En el marco del recurso presentado por Silvia Bronchalo contra el archivo inicial de la causa y del posterior procedimiento por un presunto delito leve de vejaciones contra Rodolfo Sancho, COOL ha tenido acceso en exclusiva al vídeo del juicio celebrado el pasado mes de abril en los juzgados de Alcobendas.

Un procedimiento que se remonta a febrero de 2024, cuando Bronchalo denunció a su ex pareja por supuestos insultos y comentarios vejatorios en conversaciones privadas, entre ellos expresiones como «pirada» o «incapaz» y referencias a un supuesto trastorno de salud mental. La causa, que fue archivada inicialmente y posteriormente reabierta parcialmente, terminó reconducida a un delito leve centrado en un único mensaje de WhatsApp: «Eres bipolar. Y tiene tratamiento», una frase por la que finalmente Rodolfo Sancho fue absuelto al considerar la juez que no existía intención de humillar ni relevancia penal suficiente para constituir un delito.

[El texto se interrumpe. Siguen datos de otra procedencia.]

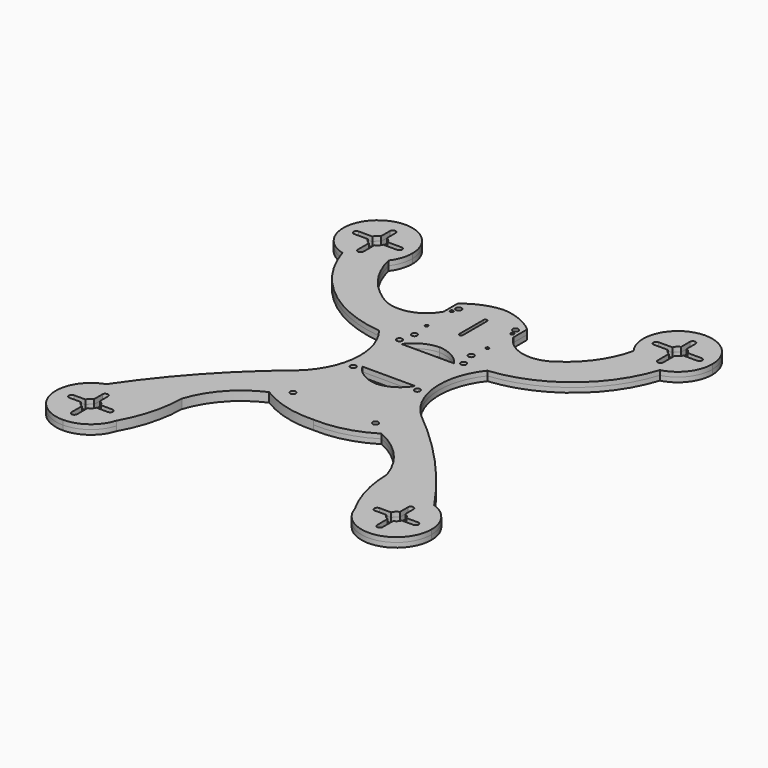
from build123d import *

# Parameters (mm, degrees)
F0_R     = 1.51
F0_R_2   = 1.5
F0_R_3   = 0.8286154485
F1_DEPTH = 2.5


# Not quite as in the source:
# - a feature names something its author has since deleted; it is built from what else it names


with BuildPart() as f1:
    # F0 (on Top) → F1 (new body, symmetric)
    with BuildSketch(Plane.XY):
        with BuildLine():
            Line((-30.1874730734, -52.384633545), (0, -52.384633545))
            Line((0, -52.384633545), (30.1874730734, -52.384633545))
            ThreePointArc((30.1874730734, -52.384633545), (45.5377526982, -63.4637920797), (55.0844569757, -79.8112468001))
            ThreePointArc((55.0844569757, -79.8112468001), (57.4877299486, -96.795391674), (64.006494816, -112.6617902157))
            ThreePointArc((64.006494816, -112.6617902157), (68.9048734281, -93.7156261949), (87.9887831434, -89.3848486541))
            ThreePointArc((87.9887831434, -89.3848486541), (62.7573722568, -57.4704416031), (33.2118480486, -29.5023263287))
            ThreePointArc((33.2118480486, -29.5023263287), (26.7242341229, -24.347436704), (20.0885272052, -19.384633545))
            Line((20.0885272052, -19.384633545), (21.4383106123, 19.6198565499))
            ThreePointArc((21.4383106123, 19.6198565499), (25.2461771825, 19.6733705963), (29.0445808108, 19.9469422451))
            ThreePointArc((29.0445808108, 19.9469422451), (63.9115542942, 34.3327431649), (85.1620762927, 65.494778124))
            ThreePointArc((85.1620762927, 65.494778124), (74.4508574846, 65.9052964442), (65.7591074705, 72.1784308553))
            ThreePointArc((65.7591074705, 72.1784308553), (58.8481462627, 56.5107805649), (46.674050137, 44.4680219955))
            ThreePointArc((46.674050137, 44.4680219955), (45.2140675367, 43.468299654), (43.6672608264, 42.60900753))
            ThreePointArc((43.6672608264, 42.60900753), (31.6040521188, 37.8807075534), (18.7, 36.713118625))
            Line((18.7, 36.713118625), (18.7, 50.3240376711))
            Line((18.7, 50.3240376711), (18.7, 59.615366455))
            ThreePointArc((18.7, 59.615366455), (9.9937787785, 65.0337535356), (0, 67.3319250345))
            ThreePointArc((0, 67.3319250345), (-9.9937787785, 65.0337535356), (-18.7, 59.615366455))
            Line((-18.7, 59.615366455), (-18.7, 50.3240376711))
            Line((-18.7, 50.3240376711), (-18.7, 36.713118625))
            ThreePointArc((-18.7, 36.713118625), (-31.6040521188, 37.8807075534), (-43.6672608264, 42.60900753))
            ThreePointArc((-43.6672608264, 42.60900753), (-45.2140675367, 43.468299654), (-46.674050137, 44.4680219955))
            ThreePointArc((-46.674050137, 44.4680219955), (-58.8481462627, 56.5107805649), (-65.7591074705, 72.1784308553))
            ThreePointArc((-65.7591074705, 72.1784308553), (-74.4508574846, 65.9052964442), (-85.1620762927, 65.494778124))
            ThreePointArc((-85.1620762927, 65.494778124), (-63.9115542942, 34.3327431649), (-29.0445808108, 19.9469422451))
            ThreePointArc((-29.0445808108, 19.9469422451), (-25.2461771825, 19.6733705963), (-21.4383106123, 19.6198565499))
            Line((-21.4383106123, 19.6198565499), (-20.0885272052, -19.384633545))
            ThreePointArc((-20.0885272052, -19.384633545), (-26.7242341229, -24.347436704), (-33.2118480486, -29.5023263287))
            ThreePointArc((-33.2118480486, -29.5023263287), (-62.7573722568, -57.4704416031), (-87.9887831434, -89.3848486541))
            ThreePointArc((-87.9887831434, -89.3848486541), (-71.0247151945, -91.9413319507), (-63.1980110774, -107.2075662893))
            ThreePointArc((-63.1980110774, -107.2075662893), (-63.4012302478, -109.9644759992), (-64.006494816, -112.6617902157))
            ThreePointArc((-64.006494816, -112.6617902157), (-57.4877299486, -96.795391674), (-55.0844569757, -79.8112468001))
            ThreePointArc((-55.0844569757, -79.8112468001), (-45.5377526982, -63.4637920797), (-30.1874730734, -52.384633545))
        make_face()
        with Locations((-22.1585966647, -46.4437194169)):
            Circle(F0_R, mode=Mode.SUBTRACT)
        with Locations((-17.2166451812, -12.1963914914)):
            Circle(F0_R_2, mode=Mode.SUBTRACT)
        with Locations((22.1585966647, -46.4437194169)):
            Circle(F0_R, mode=Mode.SUBTRACT)
        with BuildLine():
            Line((-14.1357257962, -9.8804375157), (0, -9.8804375157))
            Line((0, -9.8804375157), (14.1357257962, -9.8804375157))
            ThreePointArc((14.1357257962, -9.8804375157), (8.1506579233, -15.9532697198), (0, -18.4566881508))
            ThreePointArc((0, -18.4566881508), (-8.1506579233, -15.9532697198), (-14.1357257962, -9.8804375157))
        make_face(mode=Mode.SUBTRACT)
        with Locations((17.2166451812, -12.1963914914)):
            Circle(F0_R_2, mode=Mode.SUBTRACT)
        with BuildLine():
            ThreePointArc((-18.7, 18.5807666779), (-18.7166451812, 18.8036085086), (-18.7, 19.0264503392))
            ThreePointArc((-18.7, 19.0264503392), (-17.1049138701, 20.2994414251), (-15.7166451812, 18.8036085086))
            ThreePointArc((-15.7166451812, 18.8036085086), (-17.1049138701, 17.3077755921), (-18.7, 18.5807666779))
        make_face(mode=Mode.SUBTRACT)
        with Locations((-15.2508411556, 26.3805482537)):
            Circle(F0_R, mode=Mode.SUBTRACT)
        with Locations((-16.3033773307, 35.8986854553)):
            Circle(F0_R_3, mode=Mode.SUBTRACT)
        with BuildLine():
            ThreePointArc((-17.2290705489, 52.7536339848), (-16.3040705489, 53.6786339848), (-15.3790705489, 52.7536339848))
            ThreePointArc((-15.3790705489, 52.7536339848), (-16.3040705489, 51.8286339848), (-17.2290705489, 52.7536339848))
        make_face(mode=Mode.SUBTRACT)
        with Locations((-15.2508411556, 56.1236590147)):
            Circle(F0_R, mode=Mode.SUBTRACT)
        with BuildLine():
            ThreePointArc((-14.1357257962, 16.3518823683), (-7.9488995039, 21.8256144878), (0, 24.0736268461))
            ThreePointArc((0, 24.0736268461), (7.9488995039, 21.8256144878), (14.1357257962, 16.3518823683))
            Line((14.1357257962, 16.3518823683), (0, 16.3518823683))
            Line((0, 16.3518823683), (-14.1357257962, 16.3518823683))
        make_face(mode=Mode.SUBTRACT)
        with Locations((15.2508411556, 26.3805482537)):
            Circle(F0_R, mode=Mode.SUBTRACT)
        with BuildLine():
            ThreePointArc((18.7, 18.5807666779), (15.7166451812, 18.8036085086), (18.7, 19.0264503392))
            ThreePointArc((18.7, 19.0264503392), (18.7124780977, 18.9153398197), (18.7166451812, 18.8036085086))
            ThreePointArc((18.7166451812, 18.8036085086), (18.7124780977, 18.6918771974), (18.7, 18.5807666779))
        make_face(mode=Mode.SUBTRACT)
        with Locations((16.3033773307, 35.8986854553)):
            Circle(F0_R_3, mode=Mode.SUBTRACT)
        with BuildLine():
            ThreePointArc((0.925, 38.6986881495), (0.6540737726, 38.0446143769), (0, 37.7736881495))
            ThreePointArc((0, 37.7736881495), (-0.6540737726, 38.0446143769), (-0.925, 38.6986881495))
            Line((-0.925, 38.6986881495), (-0.925, 54.8593327403))
            ThreePointArc((-0.925, 54.8593327403), (-0.6540737726, 55.5134065129), (0, 55.7843327403))
            ThreePointArc((0, 55.7843327403), (0.6540737726, 55.5134065129), (0.925, 54.8593327403))
            Line((0.925, 54.8593327403), (0.925, 38.6986881495))
        make_face(mode=Mode.SUBTRACT)
        with Locations((15.2508411556, 56.1236590147)):
            Circle(F0_R, mode=Mode.SUBTRACT)
        with BuildLine():
            ThreePointArc((15.3790705489, 52.7536339848), (16.3040705489, 53.6786339848), (17.2290705489, 52.7536339848))
            ThreePointArc((17.2290705489, 52.7536339848), (16.3040705489, 51.8286339848), (15.3790705489, 52.7536339848))
        make_face(mode=Mode.SUBTRACT)
        with BuildLine():
            ThreePointArc((-82, -126.0095552119), (-70.7981133375, -122.3083120538), (-64.006494816, -112.6617902157))
            ThreePointArc((-64.006494816, -112.6617902157), (-63.4012302478, -109.9644759992), (-63.1980110774, -107.2075662893))
            ThreePointArc((-63.1980110774, -107.2075662893), (-71.0247151945, -91.9413319507), (-87.9887831434, -89.3848486541))
            ThreePointArc((-87.9887831434, -89.3848486541), (-100.5555561355, -110.241725802), (-82, -126.0095552119))
        make_face()
        with BuildLine():
            ThreePointArc((-80.5, -103.1137172447), (-78.917014434, -104.1245807233), (-77.9061509554, -105.7075662893))
            Line((-77.9061509554, -105.7075662893), (-71.66, -105.7075662893))
            ThreePointArc((-71.66, -105.7075662893), (-70.5993398282, -106.1469061175), (-70.16, -107.2075662893))
            ThreePointArc((-70.16, -107.2075662893), (-70.5993398282, -108.2682264611), (-71.66, -108.7075662893))
            Line((-71.66, -108.7075662893), (-77.9061509554, -108.7075662893))
            ThreePointArc((-77.9061509554, -108.7075662893), (-78.917014434, -110.2905518553), (-80.5, -111.3014153339))
            Line((-80.5, -111.3014153339), (-80.5, -118.2955773668))
            ThreePointArc((-80.5, -118.2955773668), (-82, -119.7955773668), (-83.5, -118.2955773668))
            Line((-83.5, -118.2955773668), (-83.5, -111.3014153339))
            ThreePointArc((-83.5, -111.3014153339), (-85.082985566, -110.2905518553), (-86.0938490446, -108.7075662893))
            Line((-86.0938490446, -108.7075662893), (-92.34, -108.7075662893))
            ThreePointArc((-92.34, -108.7075662893), (-93.84, -107.2075662893), (-92.34, -105.7075662893))
            Line((-92.34, -105.7075662893), (-86.0938490446, -105.7075662893))
            ThreePointArc((-86.0938490446, -105.7075662893), (-85.082985566, -104.1245807233), (-83.5, -103.1137172447))
            Line((-83.5, -103.1137172447), (-83.5, -97.6055773668))
            ThreePointArc((-83.5, -97.6055773668), (-82, -96.1055773668), (-80.5, -97.6055773668))
            Line((-80.5, -97.6055773668), (-80.5, -103.1137172447))
        make_face(mode=Mode.SUBTRACT)
        with BuildLine():
            ThreePointArc((87.9887831434, -89.3848486541), (68.9048734281, -93.7156261949), (64.006494816, -112.6617902157))
            ThreePointArc((64.006494816, -112.6617902157), (84.7569097099, -125.8063360415), (100.8019889226, -107.2075662893))
            ThreePointArc((100.8019889226, -107.2075662893), (97.2662343387, -96.2322814839), (87.9887831434, -89.3848486541))
        make_face()
        with BuildLine():
            Line((83.5, -111.3014153339), (83.5, -118.2955773668))
            ThreePointArc((83.5, -118.2955773668), (82, -119.7955773668), (80.5, -118.2955773668))
            Line((80.5, -118.2955773668), (80.5, -111.3014153339))
            ThreePointArc((80.5, -111.3014153339), (78.917014434, -110.2905518553), (77.9061509554, -108.7075662893))
            Line((77.9061509554, -108.7075662893), (71.66, -108.7075662893))
            ThreePointArc((71.66, -108.7075662893), (70.16, -107.2075662893), (71.66, -105.7075662893))
            Line((71.66, -105.7075662893), (77.9061509554, -105.7075662893))
            ThreePointArc((77.9061509554, -105.7075662893), (78.917014434, -104.1245807233), (80.5, -103.1137172447))
            Line((80.5, -103.1137172447), (80.5, -97.6055773668))
            ThreePointArc((80.5, -97.6055773668), (82, -96.1055773668), (83.5, -97.6055773668))
            Line((83.5, -97.6055773668), (83.5, -103.1137172447))
            ThreePointArc((83.5, -103.1137172447), (85.082985566, -104.1245807233), (86.0938490446, -105.7075662893))
            Line((86.0938490446, -105.7075662893), (92.34, -105.7075662893))
            ThreePointArc((92.34, -105.7075662893), (93.4006601718, -106.1469061175), (93.84, -107.2075662893))
            ThreePointArc((93.84, -107.2075662893), (93.4006601718, -108.2682264611), (92.34, -108.7075662893))
            Line((92.34, -108.7075662893), (86.0938490446, -108.7075662893))
            ThreePointArc((86.0938490446, -108.7075662893), (85.082985566, -110.2905518553), (83.5, -111.3014153339))
        make_face(mode=Mode.SUBTRACT)
        with BuildLine():
            ThreePointArc((-61.9557945169, 83.4250120531), (-67.3831058615, 96.5277007085), (-80.4857945169, 101.9550120531))
            ThreePointArc((-80.4857945169, 101.9550120531), (-98.8652413898, 85.7823055534), (-85.1620762927, 65.494778124))
            ThreePointArc((-85.1620762927, 65.494778124), (-74.4508574846, 65.9052964442), (-65.7591074705, 72.1784308553))
            ThreePointArc((-65.7591074705, 72.1784308553), (-62.932355951, 77.4888774088), (-61.9557945169, 83.4250120531))
        make_face()
        with BuildLine():
            ThreePointArc((-78.9857945169, 87.5188610977), (-77.4028089509, 86.507997619), (-76.3919454723, 84.9250120531))
            Line((-76.3919454723, 84.9250120531), (-68.9257945169, 84.9250120531))
            ThreePointArc((-68.9257945169, 84.9250120531), (-67.8651343451, 84.4856722249), (-67.4257945169, 83.4250120531))
            ThreePointArc((-67.4257945169, 83.4250120531), (-67.8651343451, 82.3643518813), (-68.9257945169, 81.9250120531))
            Line((-68.9257945169, 81.9250120531), (-76.3919454723, 81.9250120531))
            ThreePointArc((-76.3919454723, 81.9250120531), (-77.4028089509, 80.3420264871), (-78.9857945169, 79.3311630085))
            Line((-78.9857945169, 79.3311630085), (-78.9857945169, 71.8650120531))
            ThreePointArc((-78.9857945169, 71.8650120531), (-80.4857945169, 70.3650120531), (-81.9857945169, 71.8650120531))
            Line((-81.9857945169, 71.8650120531), (-81.9857945169, 79.3311630085))
            ThreePointArc((-81.9857945169, 79.3311630085), (-83.5687800828, 80.3420264871), (-84.5796435615, 81.9250120531))
            Line((-84.5796435615, 81.9250120531), (-92.0457945169, 81.9250120531))
            ThreePointArc((-92.0457945169, 81.9250120531), (-93.5457945169, 83.4250120531), (-92.0457945169, 84.9250120531))
            Line((-92.0457945169, 84.9250120531), (-84.5796435615, 84.9250120531))
            ThreePointArc((-84.5796435615, 84.9250120531), (-83.5687800828, 86.507997619), (-81.9857945169, 87.5188610977))
            Line((-81.9857945169, 87.5188610977), (-81.9857945169, 93.4850120531))
            ThreePointArc((-81.9857945169, 93.4850120531), (-80.4857945169, 94.9850120531), (-78.9857945169, 93.4850120531))
            Line((-78.9857945169, 93.4850120531), (-78.9857945169, 87.5188610977))
        make_face(mode=Mode.SUBTRACT)
        with BuildLine():
            ThreePointArc((65.7591074705, 72.1784308553), (74.4508574846, 65.9052964442), (85.1620762927, 65.494778124))
            ThreePointArc((85.1620762927, 65.494778124), (95.1488842545, 72.0956387541), (99.0157945169, 83.4250120531))
            ThreePointArc((99.0157945169, 83.4250120531), (74.5496598725, 100.9784506189), (65.7591074705, 72.1784308553))
        make_face()
        with BuildLine():
            ThreePointArc((81.9857945169, 87.5188610977), (83.5687800828, 86.507997619), (84.5796435615, 84.9250120531))
            Line((84.5796435615, 84.9250120531), (92.0457945169, 84.9250120531))
            ThreePointArc((92.0457945169, 84.9250120531), (93.1064546886, 84.4856722249), (93.5457945169, 83.4250120531))
            ThreePointArc((93.5457945169, 83.4250120531), (93.1064546886, 82.3643518813), (92.0457945169, 81.9250120531))
            Line((92.0457945169, 81.9250120531), (84.5796435615, 81.9250120531))
            ThreePointArc((84.5796435615, 81.9250120531), (83.5687800828, 80.3420264871), (81.9857945169, 79.3311630085))
            Line((81.9857945169, 79.3311630085), (81.9857945169, 71.8650120531))
            ThreePointArc((81.9857945169, 71.8650120531), (80.4857945169, 70.3650120531), (78.9857945169, 71.8650120531))
            Line((78.9857945169, 71.8650120531), (78.9857945169, 79.3311630085))
            ThreePointArc((78.9857945169, 79.3311630085), (77.4028089509, 80.3420264871), (76.3919454723, 81.9250120531))
            Line((76.3919454723, 81.9250120531), (68.9257945169, 81.9250120531))
            ThreePointArc((68.9257945169, 81.9250120531), (67.4257945169, 83.4250120531), (68.9257945169, 84.9250120531))
            Line((68.9257945169, 84.9250120531), (76.3919454723, 84.9250120531))
            ThreePointArc((76.3919454723, 84.9250120531), (77.4028089509, 86.507997619), (78.9857945169, 87.5188610977))
            Line((78.9857945169, 87.5188610977), (78.9857945169, 93.4850120531))
            ThreePointArc((78.9857945169, 93.4850120531), (80.4857945169, 94.9850120531), (81.9857945169, 93.4850120531))
            Line((81.9857945169, 93.4850120531), (81.9857945169, 87.5188610977))
        make_face(mode=Mode.SUBTRACT)
        with BuildLine():
            Line((30.1874730734, -52.384633545), (0, -52.384633545))
            Line((0, -52.384633545), (-30.1874730734, -52.384633545))
            ThreePointArc((-30.1874730734, -52.384633545), (-15.6968009353, -58.6423760096), (0, -60.3004954755))
            ThreePointArc((0, -60.3004954755), (15.6968009353, -58.6423760096), (30.1874730734, -52.384633545))
        make_face()
        with BuildLine():
            ThreePointArc((-29.0445808108, 19.9469422451), (-21.3446813988, -5.6021854639), (-33.2118480486, -29.5023263287))
            ThreePointArc((-33.2118480486, -29.5023263287), (-26.7242341229, -24.347436704), (-20.0885272052, -19.384633545))
            Line((-20.0885272052, -19.384633545), (-21.4383106123, 19.6198565499))
            ThreePointArc((-21.4383106123, 19.6198565499), (-25.2461771825, 19.6733705963), (-29.0445808108, 19.9469422451))
        make_face()
        with BuildLine():
            ThreePointArc((20.0885272052, -19.384633545), (26.7242341229, -24.347436704), (33.2118480486, -29.5023263287))
            ThreePointArc((33.2118480486, -29.5023263287), (21.3446813988, -5.6021854639), (29.0445808108, 19.9469422451))
            ThreePointArc((29.0445808108, 19.9469422451), (25.2461771825, 19.6733705963), (21.4383106123, 19.6198565499))
            Line((21.4383106123, 19.6198565499), (20.0885272052, -19.384633545))
        make_face()
        with BuildLine():
            ThreePointArc((-18.7, 50.3240376711), (-29.6426565817, 41.4796469988), (-43.6672608264, 42.60900753))
            ThreePointArc((-43.6672608264, 42.60900753), (-31.6040521188, 37.8807075534), (-18.7, 36.713118625))
            Line((-18.7, 36.713118625), (-18.7, 50.3240376711))
        make_face()
        with BuildLine():
            ThreePointArc((18.7, 36.713118625), (31.6040521188, 37.8807075534), (43.6672608264, 42.60900753))
            ThreePointArc((43.6672608264, 42.60900753), (29.6426565817, 41.4796469988), (18.7, 50.3240376711))
            Line((18.7, 50.3240376711), (18.7, 36.713118625))
        make_face()
        with BuildLine():
            ThreePointArc((-43.6672608264, 42.60900753), (-45.1885647911, 43.5095480596), (-46.674050137, 44.4680219955))
            ThreePointArc((-46.674050137, 44.4680219955), (-45.2140675367, 43.468299654), (-43.6672608264, 42.60900753))
        make_face()
        with BuildLine():
            Line((-18.7, 18.5807666779), (-18.7, 19.0264503392))
            ThreePointArc((-18.7, 19.0264503392), (-18.7166451812, 18.8036085086), (-18.7, 18.5807666779))
        make_face()
    extrude(amount=F1_DEPTH, both=True)


solid = f1.part

Durante su declaración ante la jueza, Bronchalo abordó uno de los episodios más delicados del procedimiento: la supuesta conversación con su hijo Daniel Sancho, actualmente condenado en Tailandia por el asesinato del cirujano colombiano Edwin Arrieta. Preguntada en sala sobre si su hijo le habría exigido retirar la denuncia contra su padre, la madre fue tajante al confirmar ese extremo y relató una llamada especialmente tensa. «Mi hijo me llamó, después de que su padre le llamara una semana antes de comenzar el juicio en Tailandia, diciéndome que su padre le había dicho que yo le había demandado», explicó.

Silvia Bronchalo en el juzgado de Violencia sobre la Mujer número 1 de Alcobendas. (Foto: Europa Press)
Silvia Bronchalo en el juzgado de Violencia sobre la Mujer número 1 de Alcobendas. (Foto: Europa Press)

A partir de ahí, según su versión, la conversación derivó en una fuerte discusión. «Estaba muy enfadado. Me dijo que la tenía que retirar, que si no lo hacía me iban a destruir», aseguró Bronchalo ante la juez, insistiendo en que esa advertencia no se produjo en una sola ocasión.

«Eso fue lo que mi hijo… también me lo dijo en la sala de juicio en Tailandia», añadió, subrayando que el mensaje habría sido reiterado en distintos momentos del procedimiento. En su declaración, Bronchalo dejó entrever además que esas palabras del joven podrían estar condicionadas por la influencia o la versión trasladada previamente por Rodolfo Sancho, en un contexto de fuerte tensión familiar durante el proceso.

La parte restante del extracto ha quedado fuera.